İstiklâl Marşı'nı yeniden okumak...

İstiklâl Marşı’nın bu günlerde yeniden okunması gerektiğine inanıyorum. Yeniden okumaktan kastım tabii ki marş olarak okunması değil. İstiklâl Marşı; İstiklâl Harbi’nin bir rûhu, bir beyannamesi olarak ele alınıp üzerinde düşünülerek tekrar tekrar okunmalıdır. Bu yapılırsa Millî Mücadele yıllarıyla 2000’li yıllar arasında bazı benzerlikler olduğu görülecektir.

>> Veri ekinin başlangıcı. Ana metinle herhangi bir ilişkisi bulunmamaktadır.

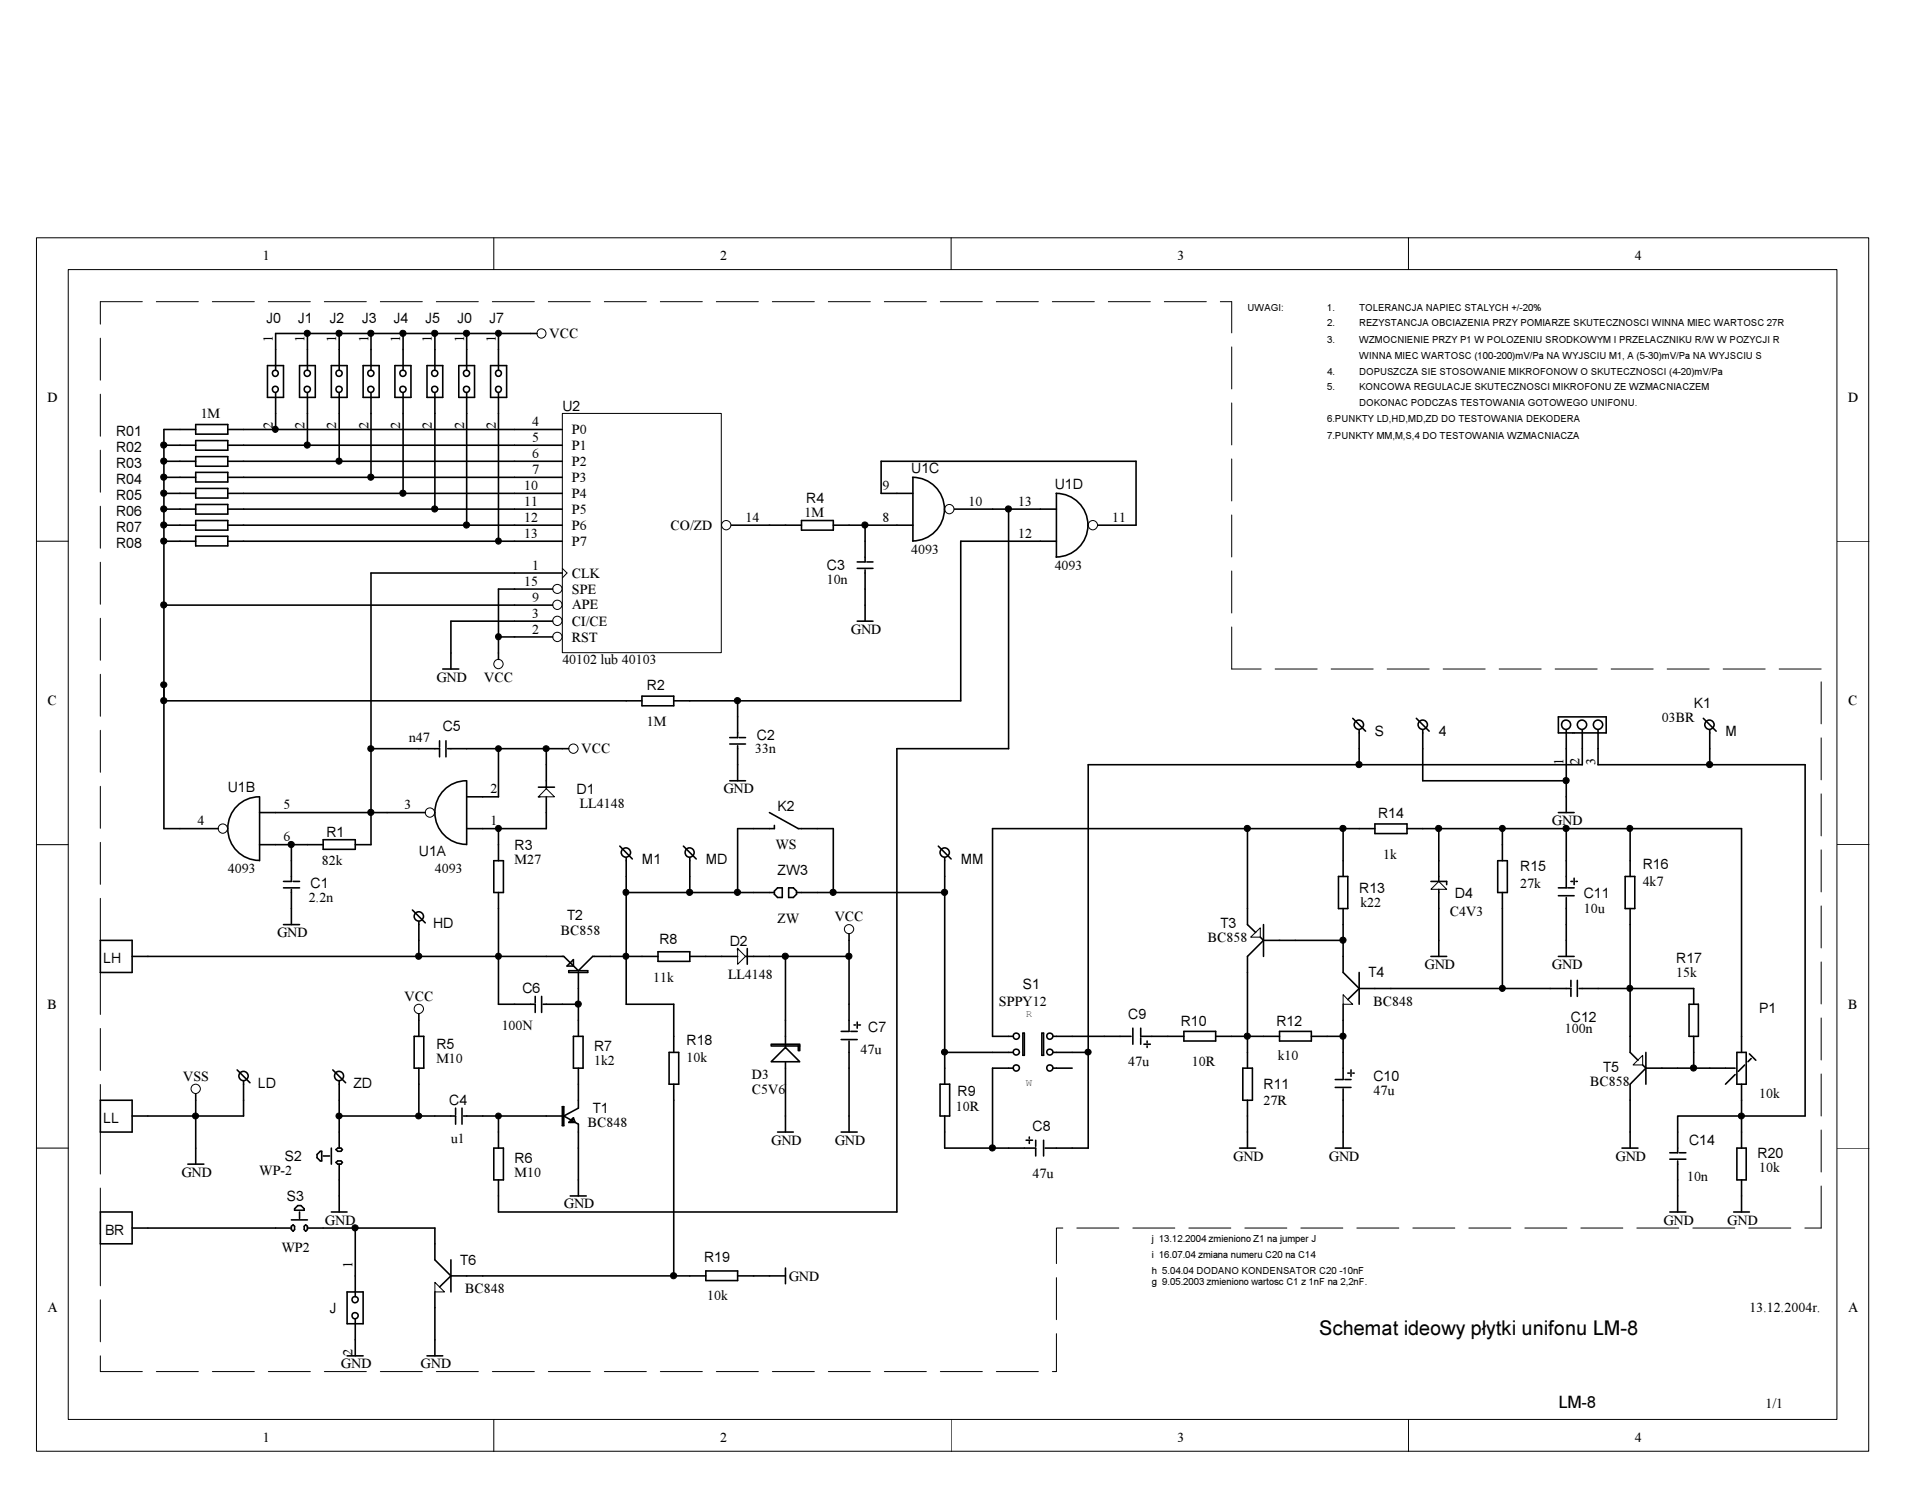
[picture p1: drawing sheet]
<svg xmlns="http://www.w3.org/2000/svg" width="279mm" height="216mm" viewBox="0 0 279 216" stroke-linecap="round" stroke-linejoin="round" font-family="sans-serif">
<g fill="none" stroke="#000" stroke-width=".15">
<path d="M5.3 34.5h265.9v176.1h-265.9zM9.9 39.1h256.7v166.9h-256.7zM71.7 34.5v4.6M138 34.5v4.6M204.4 34.5v4.6M5.3 78.5h4.6M266.7 78.5h4.6M5.3 122.6h4.6M266.7 122.6h4.6M5.3 166.6h4.6M266.7 166.6h4.6M71.7 206v4.6"/>
<path d="M138 206v4.6M204.4 206v4.6"/>
<circle cx="44.6" cy="48.4" r=".45"/>
<circle cx="49.2" cy="48.4" r=".45"/>
<circle cx="53.8" cy="48.4" r=".45"/>
<circle cx="58.5" cy="48.4" r=".45"/>
<circle cx="63.1" cy="48.4" r=".45"/>
<circle cx="67.7" cy="48.4" r=".45"/>
<circle cx="72.3" cy="48.4" r=".44"/>
<circle cx="23.8" cy="69.2" r=".45"/>
<circle cx="23.8" cy="66.9" r=".45"/>
<circle cx="23.8" cy="76.2" r=".45"/>
<circle cx="23.8" cy="64.6" r=".45"/>
<circle cx="23.8" cy="71.6" r=".45"/>
<circle cx="23.8" cy="78.5" r=".45"/>
<circle cx="23.8" cy="73.8" r=".45"/>
<circle cx="39.9" cy="62.3" r=".44"/>
<circle cx="44.6" cy="64.6" r=".45"/>
<circle cx="49.2" cy="66.9" r=".45"/>
<circle cx="53.8" cy="69.2" r=".45"/>
<circle cx="58.5" cy="71.6" r=".45"/>
<circle cx="63.1" cy="73.8" r=".45"/>
<circle cx="67.7" cy="76.2" r=".45"/>
<circle cx="72.3" cy="78.5" r=".44"/>
<circle cx="125.5" cy="76.2" r=".45"/>
<circle cx="146.4" cy="73.8" r=".45"/>
<circle cx="23.8" cy="87.8" r=".45"/>
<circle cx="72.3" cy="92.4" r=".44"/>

İsterseniz Cumhuriyet’e takaddüm eden yıllarda yaşadığımız olumsuzlukları kısaca hatırlamaya çalışalım: Birinci Dünya Harbi (1914-1918) sonunda bizim de içinde bulunduğumuz İttifak Devletlerinin yenilmesi sonucu, 30 Ekim 1918’de İtilaf Devletleriyle (İngiltere, Fransa, İtalya) Mondros Mütarekesini imzalamak zorunda kaldık. Felaketlerin fitili ateşlenmişti artık, musibetler birbirini izledi. 13 Kasım 1918’de İstanbul’un işgaliyle azınlıkların yıkıcı ve bölücü faaliyetlerini arttırdığı görülür. İşgal kuvvetleri komutanlarından Fransız generali Franchet d’Esperey’nin beyaz bir at üzerinde muzafferâne bir eda ile birtakım azınlıkların sevinç gösterileri arasında İstanbul’a girmesi vicdanları dağlar. Süleyman Nazif’in “Hadisat” gazetesinde çıkan “Kara Bir Gün” başlıklı meşhur yazısı bu meşum olay üzerine yazılmıştır:
“Fransız generalinin dün şehrimize vürudu münasebetiyle bir kısım vatandaşlarımız tarafından icra olunan nümâyiş Türk’ün ve İslâm’ın kalbinde ve tarihinde müebbeden kanayacak bir cerîha açtı. Aradan asırlar geçse ve bugünkü hüzn-ü idbârımız şevk-ü ikbâle münkalip olsa yine bu acıyı hissedecek ve bu hüzn-ü teessürü evlâd-u ahfâdımıza nesilden nesile ağlayacak bir miras terk edeceğiz.”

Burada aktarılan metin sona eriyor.